(Data excerpts)
•••

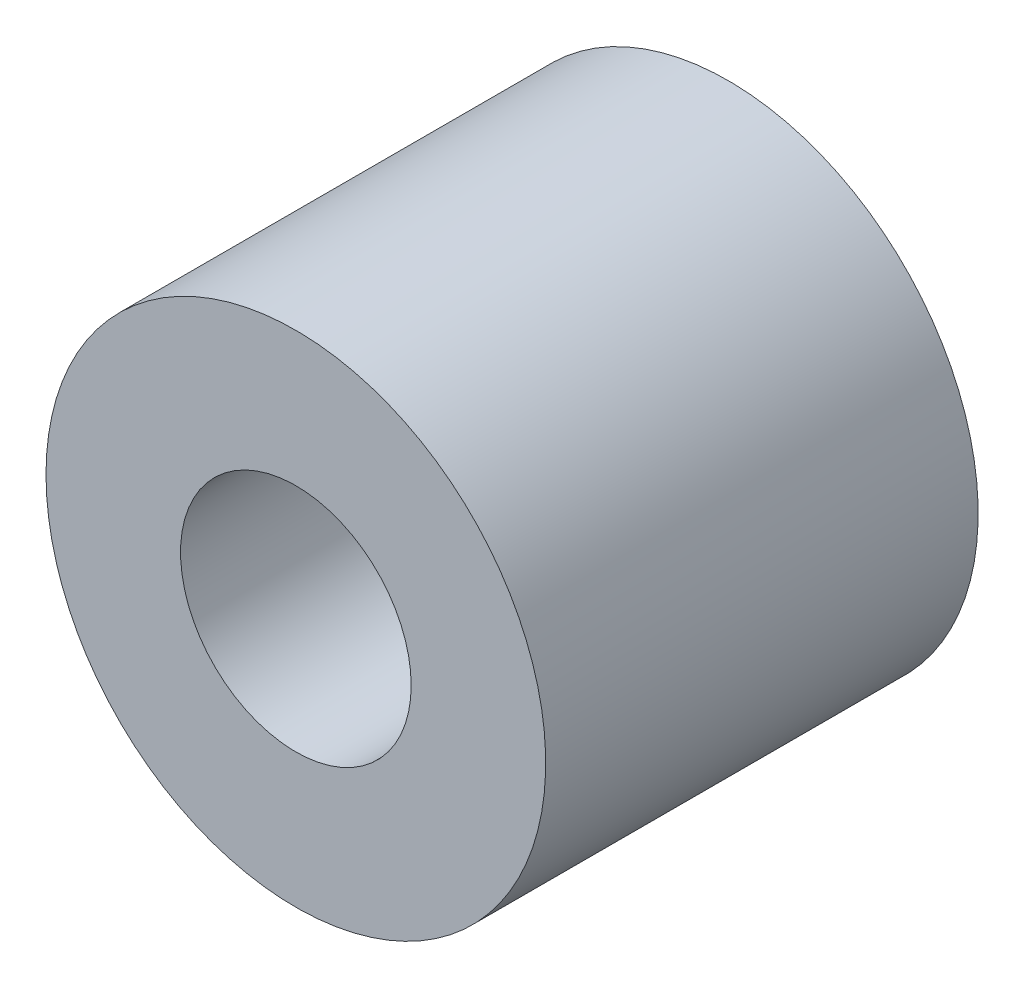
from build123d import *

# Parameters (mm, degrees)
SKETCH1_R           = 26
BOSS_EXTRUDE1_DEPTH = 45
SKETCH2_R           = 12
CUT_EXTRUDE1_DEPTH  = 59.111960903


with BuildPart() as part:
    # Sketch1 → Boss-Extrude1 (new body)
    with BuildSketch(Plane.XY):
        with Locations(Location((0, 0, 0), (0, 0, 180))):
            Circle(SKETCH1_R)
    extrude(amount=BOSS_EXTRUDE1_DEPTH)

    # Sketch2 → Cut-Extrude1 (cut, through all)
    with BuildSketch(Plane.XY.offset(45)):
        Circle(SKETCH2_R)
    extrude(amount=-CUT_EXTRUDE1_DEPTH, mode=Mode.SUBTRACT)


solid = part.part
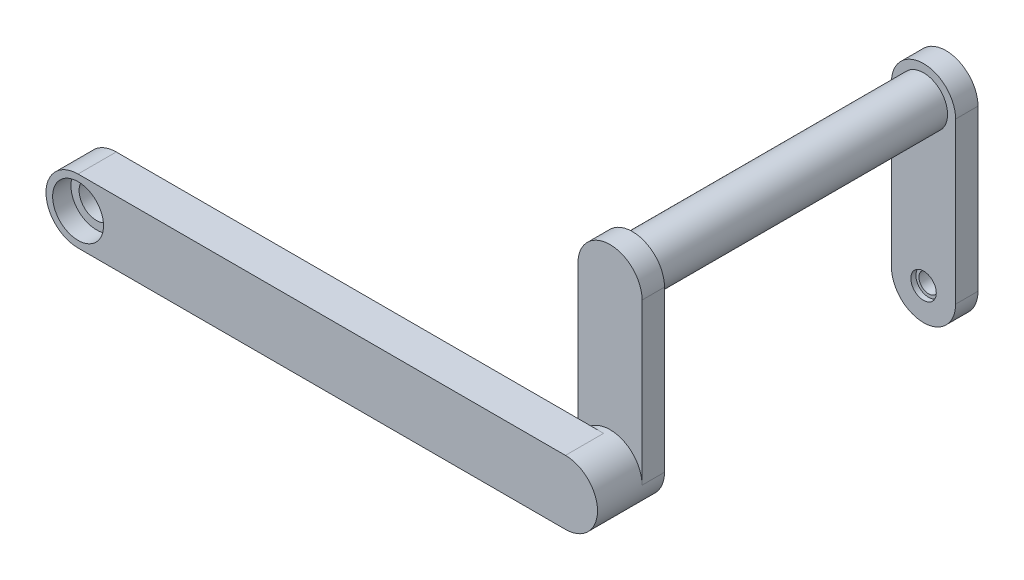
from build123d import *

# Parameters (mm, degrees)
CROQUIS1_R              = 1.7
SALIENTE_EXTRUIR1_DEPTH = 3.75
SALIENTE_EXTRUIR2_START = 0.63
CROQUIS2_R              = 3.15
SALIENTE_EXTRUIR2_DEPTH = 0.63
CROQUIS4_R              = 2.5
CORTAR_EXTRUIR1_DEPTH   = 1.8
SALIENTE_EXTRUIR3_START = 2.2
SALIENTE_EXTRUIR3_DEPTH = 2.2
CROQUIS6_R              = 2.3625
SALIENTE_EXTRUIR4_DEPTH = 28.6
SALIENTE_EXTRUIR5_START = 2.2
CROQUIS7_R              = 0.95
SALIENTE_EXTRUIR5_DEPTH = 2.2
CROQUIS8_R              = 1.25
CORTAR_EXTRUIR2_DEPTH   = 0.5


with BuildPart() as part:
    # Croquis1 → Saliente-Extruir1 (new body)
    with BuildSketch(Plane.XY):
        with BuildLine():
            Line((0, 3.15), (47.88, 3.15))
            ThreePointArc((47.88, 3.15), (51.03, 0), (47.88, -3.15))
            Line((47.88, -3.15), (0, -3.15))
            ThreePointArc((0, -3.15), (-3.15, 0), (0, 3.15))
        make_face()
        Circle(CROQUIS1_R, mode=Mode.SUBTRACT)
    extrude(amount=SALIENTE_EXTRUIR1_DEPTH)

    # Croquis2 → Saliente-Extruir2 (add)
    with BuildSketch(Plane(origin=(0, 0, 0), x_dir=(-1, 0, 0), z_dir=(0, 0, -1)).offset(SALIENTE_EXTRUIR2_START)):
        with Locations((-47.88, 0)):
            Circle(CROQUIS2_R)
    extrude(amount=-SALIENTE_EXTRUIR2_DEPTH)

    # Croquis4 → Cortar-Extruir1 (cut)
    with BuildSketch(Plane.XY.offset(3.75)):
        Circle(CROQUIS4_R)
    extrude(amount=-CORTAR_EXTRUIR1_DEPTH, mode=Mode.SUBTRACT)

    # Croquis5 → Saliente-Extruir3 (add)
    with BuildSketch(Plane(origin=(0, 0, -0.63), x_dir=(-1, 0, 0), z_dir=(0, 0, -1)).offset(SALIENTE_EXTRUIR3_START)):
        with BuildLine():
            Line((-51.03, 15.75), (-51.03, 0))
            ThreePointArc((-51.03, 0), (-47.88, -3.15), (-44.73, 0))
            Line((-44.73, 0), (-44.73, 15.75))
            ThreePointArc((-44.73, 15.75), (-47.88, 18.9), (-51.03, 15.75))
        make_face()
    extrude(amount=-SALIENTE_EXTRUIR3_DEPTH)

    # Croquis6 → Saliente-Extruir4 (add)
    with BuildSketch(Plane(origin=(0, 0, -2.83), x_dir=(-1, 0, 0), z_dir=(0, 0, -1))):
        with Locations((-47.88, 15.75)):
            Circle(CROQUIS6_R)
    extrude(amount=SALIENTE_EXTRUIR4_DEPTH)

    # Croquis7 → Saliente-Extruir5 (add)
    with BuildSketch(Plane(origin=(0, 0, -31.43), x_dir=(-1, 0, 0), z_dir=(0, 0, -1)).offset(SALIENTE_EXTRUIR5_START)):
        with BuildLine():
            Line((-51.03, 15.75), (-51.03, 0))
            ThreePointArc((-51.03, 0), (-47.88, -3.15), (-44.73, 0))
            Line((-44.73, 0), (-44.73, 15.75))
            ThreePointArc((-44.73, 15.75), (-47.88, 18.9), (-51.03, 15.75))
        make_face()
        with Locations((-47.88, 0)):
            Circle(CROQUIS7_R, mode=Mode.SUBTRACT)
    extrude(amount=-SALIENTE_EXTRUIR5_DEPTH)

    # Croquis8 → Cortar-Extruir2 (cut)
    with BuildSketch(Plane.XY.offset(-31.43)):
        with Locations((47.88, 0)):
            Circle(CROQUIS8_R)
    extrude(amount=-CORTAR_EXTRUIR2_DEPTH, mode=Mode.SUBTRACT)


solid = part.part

•••

## Problem requirements
Copy out the lines above that hold the string "amount".

## Result
    extrude(amount=BOSS_EXTRUDE1_DEPTH)
    extrude(amount=-CUT_EXTRUDE1_DEPTH, mode=Mode.SUBTRACT)
    extrude(amount=SALIENTE_EXTRUIR1_DEPTH)
    extrude(amount=-SALIENTE_EXTRUIR2_DEPTH)
    extrude(amount=-CORTAR_EXTRUIR1_DEPTH, mode=Mode.SUBTRACT)
    extrude(amount=-SALIENTE_EXTRUIR3_DEPTH)
    extrude(amount=SALIENTE_EXTRUIR4_DEPTH)
    extrude(amount=-SALIENTE_EXTRUIR5_DEPTH)
    extrude(amount=-CORTAR_EXTRUIR2_DEPTH, mode=Mode.SUBTRACT)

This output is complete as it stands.